Questions fréquentes
Mon annonce peut-elle vraiment être retirée si je n'ai pas de numéro d'enregistrement ?
Oui. Depuis le 20 mai 2026, toute annonce de meublé de tourisme sans numéro d'enregistrement valide à 13 chiffres est retirée par les plateformes (Airbnb, Booking, Abritel…), qui ont l'obligation de supprimer les annonces non conformes. Obtenir ce numéro via la téléprocédure nationale est donc la première démarche à faire.
De combien la fiscalité micro-BIC baisse-t-elle pour les meublés de tourisme ?
Pour les revenus 2025 déclarés en 2026, l'abattement micro-BIC passe à 30 % pour un meublé non classé (plafond de l'ordre de 15 000 €) et à 50 % pour un meublé classé (plafond d'environ 77 700 €), contre 50 % et 71 % auparavant. La part imposée de vos loyers augmente donc à recettes égales.
Un DPE est-il obligatoire pour louer en meublé de tourisme ?
La loi Le Meur introduit un calendrier DPE pour la location touristique. Les meublés en zone tendue soumis à changement d'usage doivent respecter un niveau minimal progressif, et à partir du 1er janvier 2034 l'ensemble des meublés de tourisme devront afficher un DPE entre A et D (sauf résidence principale du propriétaire). Vérifiez le calendrier applicable à votre bien.
Ma commune peut-elle m'imposer des règles plus strictes que la loi ?
Oui.
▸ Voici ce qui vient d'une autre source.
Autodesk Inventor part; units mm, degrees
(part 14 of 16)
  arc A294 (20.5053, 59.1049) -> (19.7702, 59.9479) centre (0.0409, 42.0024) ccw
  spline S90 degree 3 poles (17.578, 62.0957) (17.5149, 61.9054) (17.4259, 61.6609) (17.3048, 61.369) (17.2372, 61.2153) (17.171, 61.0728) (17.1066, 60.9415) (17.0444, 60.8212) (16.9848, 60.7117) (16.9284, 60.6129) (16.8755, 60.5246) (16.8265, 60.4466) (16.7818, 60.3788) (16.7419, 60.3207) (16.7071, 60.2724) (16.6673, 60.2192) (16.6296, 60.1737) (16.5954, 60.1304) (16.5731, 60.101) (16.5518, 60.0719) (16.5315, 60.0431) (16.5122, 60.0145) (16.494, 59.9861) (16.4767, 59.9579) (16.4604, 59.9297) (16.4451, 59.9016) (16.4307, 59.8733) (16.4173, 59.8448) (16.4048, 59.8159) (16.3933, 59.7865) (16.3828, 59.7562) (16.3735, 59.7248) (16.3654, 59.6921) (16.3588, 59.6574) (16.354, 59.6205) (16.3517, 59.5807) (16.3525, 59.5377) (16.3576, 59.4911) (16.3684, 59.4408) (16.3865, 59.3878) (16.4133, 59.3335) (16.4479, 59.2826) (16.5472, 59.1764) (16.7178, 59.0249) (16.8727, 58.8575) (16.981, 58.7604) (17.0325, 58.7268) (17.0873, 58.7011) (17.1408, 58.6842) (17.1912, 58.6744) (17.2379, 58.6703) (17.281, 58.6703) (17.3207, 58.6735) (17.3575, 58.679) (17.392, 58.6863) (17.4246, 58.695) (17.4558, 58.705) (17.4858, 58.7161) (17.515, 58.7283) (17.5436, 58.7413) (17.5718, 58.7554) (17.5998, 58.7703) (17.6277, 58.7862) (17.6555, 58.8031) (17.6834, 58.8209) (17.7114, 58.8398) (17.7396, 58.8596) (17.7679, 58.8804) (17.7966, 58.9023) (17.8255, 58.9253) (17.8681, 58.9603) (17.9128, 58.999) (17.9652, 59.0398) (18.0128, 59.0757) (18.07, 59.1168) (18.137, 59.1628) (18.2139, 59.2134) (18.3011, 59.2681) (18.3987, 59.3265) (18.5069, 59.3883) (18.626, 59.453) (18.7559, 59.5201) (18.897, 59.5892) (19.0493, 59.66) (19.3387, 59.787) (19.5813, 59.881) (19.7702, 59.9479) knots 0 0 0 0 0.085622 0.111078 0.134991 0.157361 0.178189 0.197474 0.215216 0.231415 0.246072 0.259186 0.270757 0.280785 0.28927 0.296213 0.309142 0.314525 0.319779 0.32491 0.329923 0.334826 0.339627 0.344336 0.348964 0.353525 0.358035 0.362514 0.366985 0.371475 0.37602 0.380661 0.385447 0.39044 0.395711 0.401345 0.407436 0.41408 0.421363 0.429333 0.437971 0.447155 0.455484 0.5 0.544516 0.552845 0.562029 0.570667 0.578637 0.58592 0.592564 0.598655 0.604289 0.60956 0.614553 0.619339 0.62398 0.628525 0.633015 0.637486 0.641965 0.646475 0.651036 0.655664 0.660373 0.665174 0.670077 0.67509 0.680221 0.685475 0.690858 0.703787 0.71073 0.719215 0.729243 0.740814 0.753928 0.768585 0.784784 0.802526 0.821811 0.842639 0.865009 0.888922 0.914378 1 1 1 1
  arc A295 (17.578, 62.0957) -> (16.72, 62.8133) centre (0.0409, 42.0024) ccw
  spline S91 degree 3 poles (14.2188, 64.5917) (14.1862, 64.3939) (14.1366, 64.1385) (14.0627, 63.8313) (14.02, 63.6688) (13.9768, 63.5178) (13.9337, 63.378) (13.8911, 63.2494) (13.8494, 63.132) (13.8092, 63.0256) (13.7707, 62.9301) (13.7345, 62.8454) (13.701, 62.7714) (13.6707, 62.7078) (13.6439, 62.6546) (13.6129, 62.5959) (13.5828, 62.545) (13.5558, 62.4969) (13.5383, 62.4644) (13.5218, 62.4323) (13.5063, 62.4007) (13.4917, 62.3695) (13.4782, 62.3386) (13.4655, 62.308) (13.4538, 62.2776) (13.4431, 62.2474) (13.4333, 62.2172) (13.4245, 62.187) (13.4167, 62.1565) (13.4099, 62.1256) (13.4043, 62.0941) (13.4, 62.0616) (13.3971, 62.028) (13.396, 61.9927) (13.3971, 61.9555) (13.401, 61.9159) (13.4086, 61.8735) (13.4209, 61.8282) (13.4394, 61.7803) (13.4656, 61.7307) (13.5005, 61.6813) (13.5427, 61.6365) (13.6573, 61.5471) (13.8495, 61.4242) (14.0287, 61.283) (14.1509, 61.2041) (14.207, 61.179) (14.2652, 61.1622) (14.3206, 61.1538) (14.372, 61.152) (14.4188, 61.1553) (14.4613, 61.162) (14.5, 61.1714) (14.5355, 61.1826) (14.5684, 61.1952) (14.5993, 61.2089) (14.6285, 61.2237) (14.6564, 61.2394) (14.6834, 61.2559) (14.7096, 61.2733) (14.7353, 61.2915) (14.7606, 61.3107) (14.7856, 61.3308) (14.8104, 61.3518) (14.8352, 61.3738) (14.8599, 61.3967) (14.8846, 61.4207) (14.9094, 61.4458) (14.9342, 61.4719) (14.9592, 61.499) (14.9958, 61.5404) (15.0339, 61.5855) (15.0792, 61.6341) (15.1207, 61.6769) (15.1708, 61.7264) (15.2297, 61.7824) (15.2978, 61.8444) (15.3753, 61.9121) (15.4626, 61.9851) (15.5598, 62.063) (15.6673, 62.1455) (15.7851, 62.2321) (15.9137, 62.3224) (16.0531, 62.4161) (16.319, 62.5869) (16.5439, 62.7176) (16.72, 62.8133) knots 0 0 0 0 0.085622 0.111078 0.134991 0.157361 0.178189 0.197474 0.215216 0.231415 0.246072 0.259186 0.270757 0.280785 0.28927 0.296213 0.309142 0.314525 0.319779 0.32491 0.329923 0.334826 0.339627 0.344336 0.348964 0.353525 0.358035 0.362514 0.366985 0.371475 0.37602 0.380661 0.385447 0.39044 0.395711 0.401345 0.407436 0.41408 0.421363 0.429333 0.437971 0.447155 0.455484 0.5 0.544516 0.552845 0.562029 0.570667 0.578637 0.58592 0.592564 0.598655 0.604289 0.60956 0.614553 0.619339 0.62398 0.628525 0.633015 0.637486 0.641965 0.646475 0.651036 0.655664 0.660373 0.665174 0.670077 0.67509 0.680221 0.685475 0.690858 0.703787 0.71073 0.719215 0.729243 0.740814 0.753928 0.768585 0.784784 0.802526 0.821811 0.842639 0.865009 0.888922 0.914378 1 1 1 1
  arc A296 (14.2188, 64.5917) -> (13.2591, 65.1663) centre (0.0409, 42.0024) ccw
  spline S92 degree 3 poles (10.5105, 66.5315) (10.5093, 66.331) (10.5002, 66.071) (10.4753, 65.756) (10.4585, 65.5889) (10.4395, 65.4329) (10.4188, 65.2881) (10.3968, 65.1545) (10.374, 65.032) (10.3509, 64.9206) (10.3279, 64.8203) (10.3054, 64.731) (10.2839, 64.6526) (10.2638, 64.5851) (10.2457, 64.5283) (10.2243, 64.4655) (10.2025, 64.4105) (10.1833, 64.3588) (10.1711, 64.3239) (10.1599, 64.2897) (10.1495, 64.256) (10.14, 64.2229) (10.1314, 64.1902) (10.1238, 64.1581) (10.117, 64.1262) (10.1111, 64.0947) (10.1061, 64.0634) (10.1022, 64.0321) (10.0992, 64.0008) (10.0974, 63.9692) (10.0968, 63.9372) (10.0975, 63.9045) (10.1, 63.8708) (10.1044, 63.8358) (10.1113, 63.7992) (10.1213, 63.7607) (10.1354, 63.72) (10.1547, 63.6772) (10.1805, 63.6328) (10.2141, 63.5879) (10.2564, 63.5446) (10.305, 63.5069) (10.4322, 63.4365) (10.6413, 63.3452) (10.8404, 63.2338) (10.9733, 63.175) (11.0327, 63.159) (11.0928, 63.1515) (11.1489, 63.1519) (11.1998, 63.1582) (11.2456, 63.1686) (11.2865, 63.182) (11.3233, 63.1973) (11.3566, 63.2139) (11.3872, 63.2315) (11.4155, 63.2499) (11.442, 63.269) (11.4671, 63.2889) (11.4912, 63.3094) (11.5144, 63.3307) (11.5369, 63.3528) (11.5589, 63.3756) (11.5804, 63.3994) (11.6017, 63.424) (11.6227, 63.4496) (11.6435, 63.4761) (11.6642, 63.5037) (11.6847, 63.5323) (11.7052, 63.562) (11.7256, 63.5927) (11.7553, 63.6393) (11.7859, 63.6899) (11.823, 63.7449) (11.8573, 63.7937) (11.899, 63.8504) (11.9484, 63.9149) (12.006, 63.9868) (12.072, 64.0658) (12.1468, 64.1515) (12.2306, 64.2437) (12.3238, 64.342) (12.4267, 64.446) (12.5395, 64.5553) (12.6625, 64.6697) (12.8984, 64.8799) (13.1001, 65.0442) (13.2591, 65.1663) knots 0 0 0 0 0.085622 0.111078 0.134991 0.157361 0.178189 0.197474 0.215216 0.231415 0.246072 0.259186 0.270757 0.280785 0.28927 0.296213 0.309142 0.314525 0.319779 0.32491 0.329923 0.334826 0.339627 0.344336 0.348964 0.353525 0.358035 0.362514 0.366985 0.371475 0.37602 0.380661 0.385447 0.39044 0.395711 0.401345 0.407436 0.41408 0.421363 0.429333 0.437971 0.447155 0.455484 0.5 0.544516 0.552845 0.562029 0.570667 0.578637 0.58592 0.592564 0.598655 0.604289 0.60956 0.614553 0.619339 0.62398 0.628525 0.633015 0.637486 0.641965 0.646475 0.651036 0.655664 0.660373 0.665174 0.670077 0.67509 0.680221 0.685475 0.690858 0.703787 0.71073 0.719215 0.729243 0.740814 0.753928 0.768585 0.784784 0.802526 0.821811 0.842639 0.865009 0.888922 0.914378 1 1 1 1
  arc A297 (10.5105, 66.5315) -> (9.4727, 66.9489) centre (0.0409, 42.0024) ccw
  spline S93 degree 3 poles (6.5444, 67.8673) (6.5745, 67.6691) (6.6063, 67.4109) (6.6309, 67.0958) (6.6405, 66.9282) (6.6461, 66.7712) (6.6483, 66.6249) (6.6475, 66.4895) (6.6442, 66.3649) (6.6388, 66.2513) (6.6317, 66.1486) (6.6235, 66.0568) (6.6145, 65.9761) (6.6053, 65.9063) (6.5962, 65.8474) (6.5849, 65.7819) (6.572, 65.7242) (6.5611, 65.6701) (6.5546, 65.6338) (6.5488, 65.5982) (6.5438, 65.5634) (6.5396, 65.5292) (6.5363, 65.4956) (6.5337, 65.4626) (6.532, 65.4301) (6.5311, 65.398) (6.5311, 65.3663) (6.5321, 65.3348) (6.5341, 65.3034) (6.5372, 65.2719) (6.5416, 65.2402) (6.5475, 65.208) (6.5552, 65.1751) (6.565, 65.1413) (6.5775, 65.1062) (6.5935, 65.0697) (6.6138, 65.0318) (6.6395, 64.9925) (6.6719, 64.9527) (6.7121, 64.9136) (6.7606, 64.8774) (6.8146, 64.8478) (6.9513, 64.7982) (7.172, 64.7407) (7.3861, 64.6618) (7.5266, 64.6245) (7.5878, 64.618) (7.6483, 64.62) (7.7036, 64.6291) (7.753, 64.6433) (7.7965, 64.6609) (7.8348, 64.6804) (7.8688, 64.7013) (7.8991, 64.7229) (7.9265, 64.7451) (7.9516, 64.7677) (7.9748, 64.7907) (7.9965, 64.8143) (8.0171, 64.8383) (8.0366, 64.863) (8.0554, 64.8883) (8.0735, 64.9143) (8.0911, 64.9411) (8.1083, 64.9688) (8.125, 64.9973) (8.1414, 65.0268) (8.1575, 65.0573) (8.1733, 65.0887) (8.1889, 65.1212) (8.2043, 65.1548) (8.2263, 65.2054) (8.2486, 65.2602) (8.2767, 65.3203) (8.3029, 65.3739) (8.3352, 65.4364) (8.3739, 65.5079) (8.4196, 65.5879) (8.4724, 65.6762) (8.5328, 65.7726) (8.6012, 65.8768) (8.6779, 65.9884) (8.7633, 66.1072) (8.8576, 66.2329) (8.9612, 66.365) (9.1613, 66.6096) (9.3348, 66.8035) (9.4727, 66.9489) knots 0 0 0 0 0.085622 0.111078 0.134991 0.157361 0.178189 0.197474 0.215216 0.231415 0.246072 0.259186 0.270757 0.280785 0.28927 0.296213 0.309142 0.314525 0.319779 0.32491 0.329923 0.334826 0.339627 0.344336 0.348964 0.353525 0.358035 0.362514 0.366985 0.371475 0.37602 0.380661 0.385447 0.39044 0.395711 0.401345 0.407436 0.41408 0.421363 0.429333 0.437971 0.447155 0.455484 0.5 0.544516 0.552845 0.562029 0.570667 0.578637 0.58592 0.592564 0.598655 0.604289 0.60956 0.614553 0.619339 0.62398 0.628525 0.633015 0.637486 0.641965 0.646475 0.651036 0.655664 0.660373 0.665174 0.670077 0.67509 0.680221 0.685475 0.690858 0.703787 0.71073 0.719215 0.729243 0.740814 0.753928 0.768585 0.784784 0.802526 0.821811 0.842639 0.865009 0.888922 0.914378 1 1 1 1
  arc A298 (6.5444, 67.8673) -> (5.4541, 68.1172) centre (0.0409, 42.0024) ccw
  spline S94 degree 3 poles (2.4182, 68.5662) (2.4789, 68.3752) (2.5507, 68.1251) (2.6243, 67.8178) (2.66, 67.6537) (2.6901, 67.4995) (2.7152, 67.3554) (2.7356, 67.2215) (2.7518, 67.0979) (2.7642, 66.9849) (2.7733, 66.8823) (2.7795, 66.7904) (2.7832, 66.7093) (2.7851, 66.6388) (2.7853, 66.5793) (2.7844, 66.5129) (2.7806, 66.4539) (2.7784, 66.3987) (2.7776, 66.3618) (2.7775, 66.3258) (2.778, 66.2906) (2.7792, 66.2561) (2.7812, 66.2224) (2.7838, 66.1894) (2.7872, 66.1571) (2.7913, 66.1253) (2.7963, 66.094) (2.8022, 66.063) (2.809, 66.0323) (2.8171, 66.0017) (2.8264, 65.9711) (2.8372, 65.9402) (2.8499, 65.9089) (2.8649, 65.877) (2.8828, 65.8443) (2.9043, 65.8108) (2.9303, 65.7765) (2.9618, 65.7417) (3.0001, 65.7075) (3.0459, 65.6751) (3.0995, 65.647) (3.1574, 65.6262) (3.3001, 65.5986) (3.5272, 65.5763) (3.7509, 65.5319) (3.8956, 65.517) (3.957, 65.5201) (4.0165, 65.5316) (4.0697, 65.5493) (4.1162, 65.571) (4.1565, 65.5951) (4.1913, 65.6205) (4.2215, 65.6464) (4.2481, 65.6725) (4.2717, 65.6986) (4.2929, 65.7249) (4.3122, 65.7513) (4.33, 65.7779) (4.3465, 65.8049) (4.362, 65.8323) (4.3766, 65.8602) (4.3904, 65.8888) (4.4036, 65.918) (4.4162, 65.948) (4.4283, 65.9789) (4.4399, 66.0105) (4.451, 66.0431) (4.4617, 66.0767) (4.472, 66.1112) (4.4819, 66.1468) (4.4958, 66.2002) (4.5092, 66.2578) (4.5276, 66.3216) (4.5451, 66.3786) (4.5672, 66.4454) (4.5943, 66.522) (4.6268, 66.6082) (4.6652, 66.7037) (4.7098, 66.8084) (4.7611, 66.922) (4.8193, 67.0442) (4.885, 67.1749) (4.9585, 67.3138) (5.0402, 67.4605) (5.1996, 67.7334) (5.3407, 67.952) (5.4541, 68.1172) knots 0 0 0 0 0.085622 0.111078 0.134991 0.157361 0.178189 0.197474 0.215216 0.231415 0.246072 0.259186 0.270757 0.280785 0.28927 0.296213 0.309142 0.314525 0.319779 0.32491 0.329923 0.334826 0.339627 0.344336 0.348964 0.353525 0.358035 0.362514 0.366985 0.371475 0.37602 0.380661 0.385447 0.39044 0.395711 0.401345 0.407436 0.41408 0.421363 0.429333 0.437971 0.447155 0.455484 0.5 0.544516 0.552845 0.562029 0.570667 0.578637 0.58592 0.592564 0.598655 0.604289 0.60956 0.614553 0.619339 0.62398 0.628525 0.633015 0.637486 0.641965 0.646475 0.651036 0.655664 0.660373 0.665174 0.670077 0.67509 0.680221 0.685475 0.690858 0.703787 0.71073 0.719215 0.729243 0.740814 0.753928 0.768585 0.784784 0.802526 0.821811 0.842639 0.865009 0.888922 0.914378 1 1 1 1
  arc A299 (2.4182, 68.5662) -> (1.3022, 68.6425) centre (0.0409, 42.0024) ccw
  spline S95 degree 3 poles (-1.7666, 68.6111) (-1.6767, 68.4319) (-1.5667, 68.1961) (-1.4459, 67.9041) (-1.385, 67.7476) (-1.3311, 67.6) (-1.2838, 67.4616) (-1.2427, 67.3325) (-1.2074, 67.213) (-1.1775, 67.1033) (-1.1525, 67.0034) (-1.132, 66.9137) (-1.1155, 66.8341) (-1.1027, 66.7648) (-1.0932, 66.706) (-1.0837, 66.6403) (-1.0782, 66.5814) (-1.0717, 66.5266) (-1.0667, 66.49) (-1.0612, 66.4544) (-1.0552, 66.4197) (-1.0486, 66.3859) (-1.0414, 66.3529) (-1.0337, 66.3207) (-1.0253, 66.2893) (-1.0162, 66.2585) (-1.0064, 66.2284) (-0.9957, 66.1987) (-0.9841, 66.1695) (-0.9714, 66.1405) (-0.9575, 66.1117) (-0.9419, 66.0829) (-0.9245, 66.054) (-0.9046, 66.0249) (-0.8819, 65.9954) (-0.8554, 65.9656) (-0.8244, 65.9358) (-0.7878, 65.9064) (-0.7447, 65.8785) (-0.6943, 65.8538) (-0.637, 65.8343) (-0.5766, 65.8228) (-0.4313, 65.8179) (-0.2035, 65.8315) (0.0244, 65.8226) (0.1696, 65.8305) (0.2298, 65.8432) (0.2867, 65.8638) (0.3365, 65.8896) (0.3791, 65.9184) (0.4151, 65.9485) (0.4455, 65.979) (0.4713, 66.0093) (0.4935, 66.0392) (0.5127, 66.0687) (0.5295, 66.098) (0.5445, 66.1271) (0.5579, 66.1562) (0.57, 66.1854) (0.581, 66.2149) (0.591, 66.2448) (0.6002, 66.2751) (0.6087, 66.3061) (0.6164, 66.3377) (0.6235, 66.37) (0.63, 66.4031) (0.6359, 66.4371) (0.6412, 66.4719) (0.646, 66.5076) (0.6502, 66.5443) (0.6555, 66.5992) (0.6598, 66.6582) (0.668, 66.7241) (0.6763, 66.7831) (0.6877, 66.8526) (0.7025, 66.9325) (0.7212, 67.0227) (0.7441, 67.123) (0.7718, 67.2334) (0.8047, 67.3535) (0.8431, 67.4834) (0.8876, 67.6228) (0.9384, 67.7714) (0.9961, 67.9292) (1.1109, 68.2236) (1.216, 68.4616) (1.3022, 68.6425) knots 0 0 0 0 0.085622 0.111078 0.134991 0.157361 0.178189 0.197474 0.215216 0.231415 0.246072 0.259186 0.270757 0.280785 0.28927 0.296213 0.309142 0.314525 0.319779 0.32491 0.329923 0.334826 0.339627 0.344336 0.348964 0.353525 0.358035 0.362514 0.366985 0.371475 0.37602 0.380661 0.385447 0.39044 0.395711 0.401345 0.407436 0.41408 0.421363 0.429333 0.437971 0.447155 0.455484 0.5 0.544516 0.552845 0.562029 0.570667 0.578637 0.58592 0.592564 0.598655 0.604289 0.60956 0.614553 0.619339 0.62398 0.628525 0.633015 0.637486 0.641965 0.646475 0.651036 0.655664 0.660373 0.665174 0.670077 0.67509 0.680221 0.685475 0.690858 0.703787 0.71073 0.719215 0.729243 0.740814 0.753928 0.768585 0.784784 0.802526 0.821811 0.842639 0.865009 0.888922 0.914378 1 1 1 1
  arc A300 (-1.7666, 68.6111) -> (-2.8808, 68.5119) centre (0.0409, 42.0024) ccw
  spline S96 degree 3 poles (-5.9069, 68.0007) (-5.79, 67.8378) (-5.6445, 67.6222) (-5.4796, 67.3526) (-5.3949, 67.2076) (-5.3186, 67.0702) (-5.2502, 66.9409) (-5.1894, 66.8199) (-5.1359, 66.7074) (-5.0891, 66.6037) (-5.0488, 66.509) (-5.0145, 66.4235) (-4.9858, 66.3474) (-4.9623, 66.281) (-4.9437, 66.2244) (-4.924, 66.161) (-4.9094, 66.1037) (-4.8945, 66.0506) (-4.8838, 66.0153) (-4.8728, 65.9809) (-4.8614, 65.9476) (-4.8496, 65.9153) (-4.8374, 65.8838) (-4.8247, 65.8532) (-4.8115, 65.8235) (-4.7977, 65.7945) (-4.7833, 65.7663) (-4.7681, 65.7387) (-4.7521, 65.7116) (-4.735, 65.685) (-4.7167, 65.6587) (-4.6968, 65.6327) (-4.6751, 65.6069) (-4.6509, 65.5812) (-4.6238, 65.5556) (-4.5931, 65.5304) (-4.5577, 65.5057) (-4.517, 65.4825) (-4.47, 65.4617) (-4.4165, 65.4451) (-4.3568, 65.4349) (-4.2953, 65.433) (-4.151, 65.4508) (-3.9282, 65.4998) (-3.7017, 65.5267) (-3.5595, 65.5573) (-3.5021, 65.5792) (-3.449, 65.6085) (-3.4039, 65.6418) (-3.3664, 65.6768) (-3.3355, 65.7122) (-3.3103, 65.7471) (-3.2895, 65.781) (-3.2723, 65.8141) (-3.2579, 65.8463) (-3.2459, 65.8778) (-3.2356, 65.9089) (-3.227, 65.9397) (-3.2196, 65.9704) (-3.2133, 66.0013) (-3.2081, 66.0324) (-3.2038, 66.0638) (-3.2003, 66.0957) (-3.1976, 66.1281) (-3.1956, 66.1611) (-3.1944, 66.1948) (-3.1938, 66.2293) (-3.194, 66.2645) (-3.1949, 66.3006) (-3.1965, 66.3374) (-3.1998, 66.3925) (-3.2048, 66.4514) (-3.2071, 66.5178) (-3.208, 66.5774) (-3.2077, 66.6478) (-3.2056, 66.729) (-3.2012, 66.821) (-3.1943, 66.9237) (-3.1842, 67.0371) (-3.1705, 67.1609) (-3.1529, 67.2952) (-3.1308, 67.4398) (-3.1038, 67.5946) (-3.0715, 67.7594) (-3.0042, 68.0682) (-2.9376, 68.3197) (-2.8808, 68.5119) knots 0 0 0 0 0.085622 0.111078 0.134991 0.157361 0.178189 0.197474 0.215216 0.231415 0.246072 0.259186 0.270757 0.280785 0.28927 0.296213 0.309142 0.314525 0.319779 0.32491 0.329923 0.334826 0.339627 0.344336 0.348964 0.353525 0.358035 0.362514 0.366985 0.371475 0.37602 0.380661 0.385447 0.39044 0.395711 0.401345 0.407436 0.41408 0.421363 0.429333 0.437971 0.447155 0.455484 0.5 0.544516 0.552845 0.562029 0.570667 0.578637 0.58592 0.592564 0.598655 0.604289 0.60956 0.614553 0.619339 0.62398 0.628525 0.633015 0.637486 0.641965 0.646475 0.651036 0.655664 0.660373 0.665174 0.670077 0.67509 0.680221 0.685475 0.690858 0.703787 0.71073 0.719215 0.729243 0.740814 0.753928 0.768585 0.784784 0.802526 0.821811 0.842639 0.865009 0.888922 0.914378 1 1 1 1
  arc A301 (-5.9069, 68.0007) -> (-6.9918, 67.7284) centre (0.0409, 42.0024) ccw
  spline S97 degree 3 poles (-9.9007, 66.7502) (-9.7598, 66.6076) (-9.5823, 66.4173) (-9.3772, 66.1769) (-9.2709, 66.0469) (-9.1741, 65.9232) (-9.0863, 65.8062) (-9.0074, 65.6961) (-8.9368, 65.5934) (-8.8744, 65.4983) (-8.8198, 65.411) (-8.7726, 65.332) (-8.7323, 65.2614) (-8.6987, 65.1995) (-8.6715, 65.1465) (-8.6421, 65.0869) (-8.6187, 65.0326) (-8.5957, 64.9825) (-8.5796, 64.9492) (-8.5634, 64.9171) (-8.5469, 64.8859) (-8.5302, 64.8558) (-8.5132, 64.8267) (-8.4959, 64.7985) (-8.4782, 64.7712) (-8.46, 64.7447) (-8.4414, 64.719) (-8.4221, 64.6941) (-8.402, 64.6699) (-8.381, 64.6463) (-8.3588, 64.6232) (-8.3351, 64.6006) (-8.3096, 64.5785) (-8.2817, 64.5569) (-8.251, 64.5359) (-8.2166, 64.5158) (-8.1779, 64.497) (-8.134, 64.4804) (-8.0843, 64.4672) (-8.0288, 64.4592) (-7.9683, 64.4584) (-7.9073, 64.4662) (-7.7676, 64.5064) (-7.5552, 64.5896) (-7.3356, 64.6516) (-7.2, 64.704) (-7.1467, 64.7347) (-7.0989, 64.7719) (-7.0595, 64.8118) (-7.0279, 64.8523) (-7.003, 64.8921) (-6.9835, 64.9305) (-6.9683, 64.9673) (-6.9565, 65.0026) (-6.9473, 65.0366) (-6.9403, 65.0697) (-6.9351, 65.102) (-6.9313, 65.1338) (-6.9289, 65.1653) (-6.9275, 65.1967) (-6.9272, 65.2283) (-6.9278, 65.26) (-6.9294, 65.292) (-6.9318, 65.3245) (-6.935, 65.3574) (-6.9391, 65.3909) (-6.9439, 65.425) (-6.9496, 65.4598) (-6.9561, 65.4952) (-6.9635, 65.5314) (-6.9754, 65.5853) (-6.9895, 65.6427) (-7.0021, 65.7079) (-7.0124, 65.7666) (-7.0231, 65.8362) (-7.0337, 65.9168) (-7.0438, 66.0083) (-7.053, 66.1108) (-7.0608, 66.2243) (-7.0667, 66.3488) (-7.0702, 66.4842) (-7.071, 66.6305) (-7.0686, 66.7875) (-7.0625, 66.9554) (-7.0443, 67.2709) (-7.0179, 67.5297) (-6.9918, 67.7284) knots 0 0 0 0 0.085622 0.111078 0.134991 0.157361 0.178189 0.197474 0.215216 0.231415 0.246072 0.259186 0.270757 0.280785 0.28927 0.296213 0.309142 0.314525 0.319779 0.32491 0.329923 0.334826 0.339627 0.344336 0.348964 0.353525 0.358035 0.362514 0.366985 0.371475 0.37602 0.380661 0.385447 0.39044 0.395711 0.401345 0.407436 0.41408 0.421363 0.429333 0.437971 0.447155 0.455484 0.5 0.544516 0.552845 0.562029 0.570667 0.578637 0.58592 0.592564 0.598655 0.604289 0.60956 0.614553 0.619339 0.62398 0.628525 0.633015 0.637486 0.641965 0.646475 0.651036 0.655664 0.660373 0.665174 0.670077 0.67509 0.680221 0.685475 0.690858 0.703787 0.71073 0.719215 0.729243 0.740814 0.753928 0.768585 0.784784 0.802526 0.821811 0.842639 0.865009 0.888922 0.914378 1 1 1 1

La loi Le Meur renforce les pouvoirs des maires : ils peuvent abaisser le plafond de nuitées d'une résidence principale de 120 à 90 jours par an, imposer une autorisation de changement d'usage avec compensation, ou fixer des quotas. Renseignez-vous auprès du service urbanisme de votre mairie avant de louer.
Est-il plus simple de repasser en location longue durée ?
Cela dépend de votre projet, mais l'accumulation des contraintes (enregistrement, micro-BIC durci, DPE, règles locales) pousse une partie des bailleurs à comparer avec la location classique à l'année. Si vous faites ce choix, Locara gère le bail, les loyers, les quittances, la révision et la rentabilité — mais pas la location courte durée.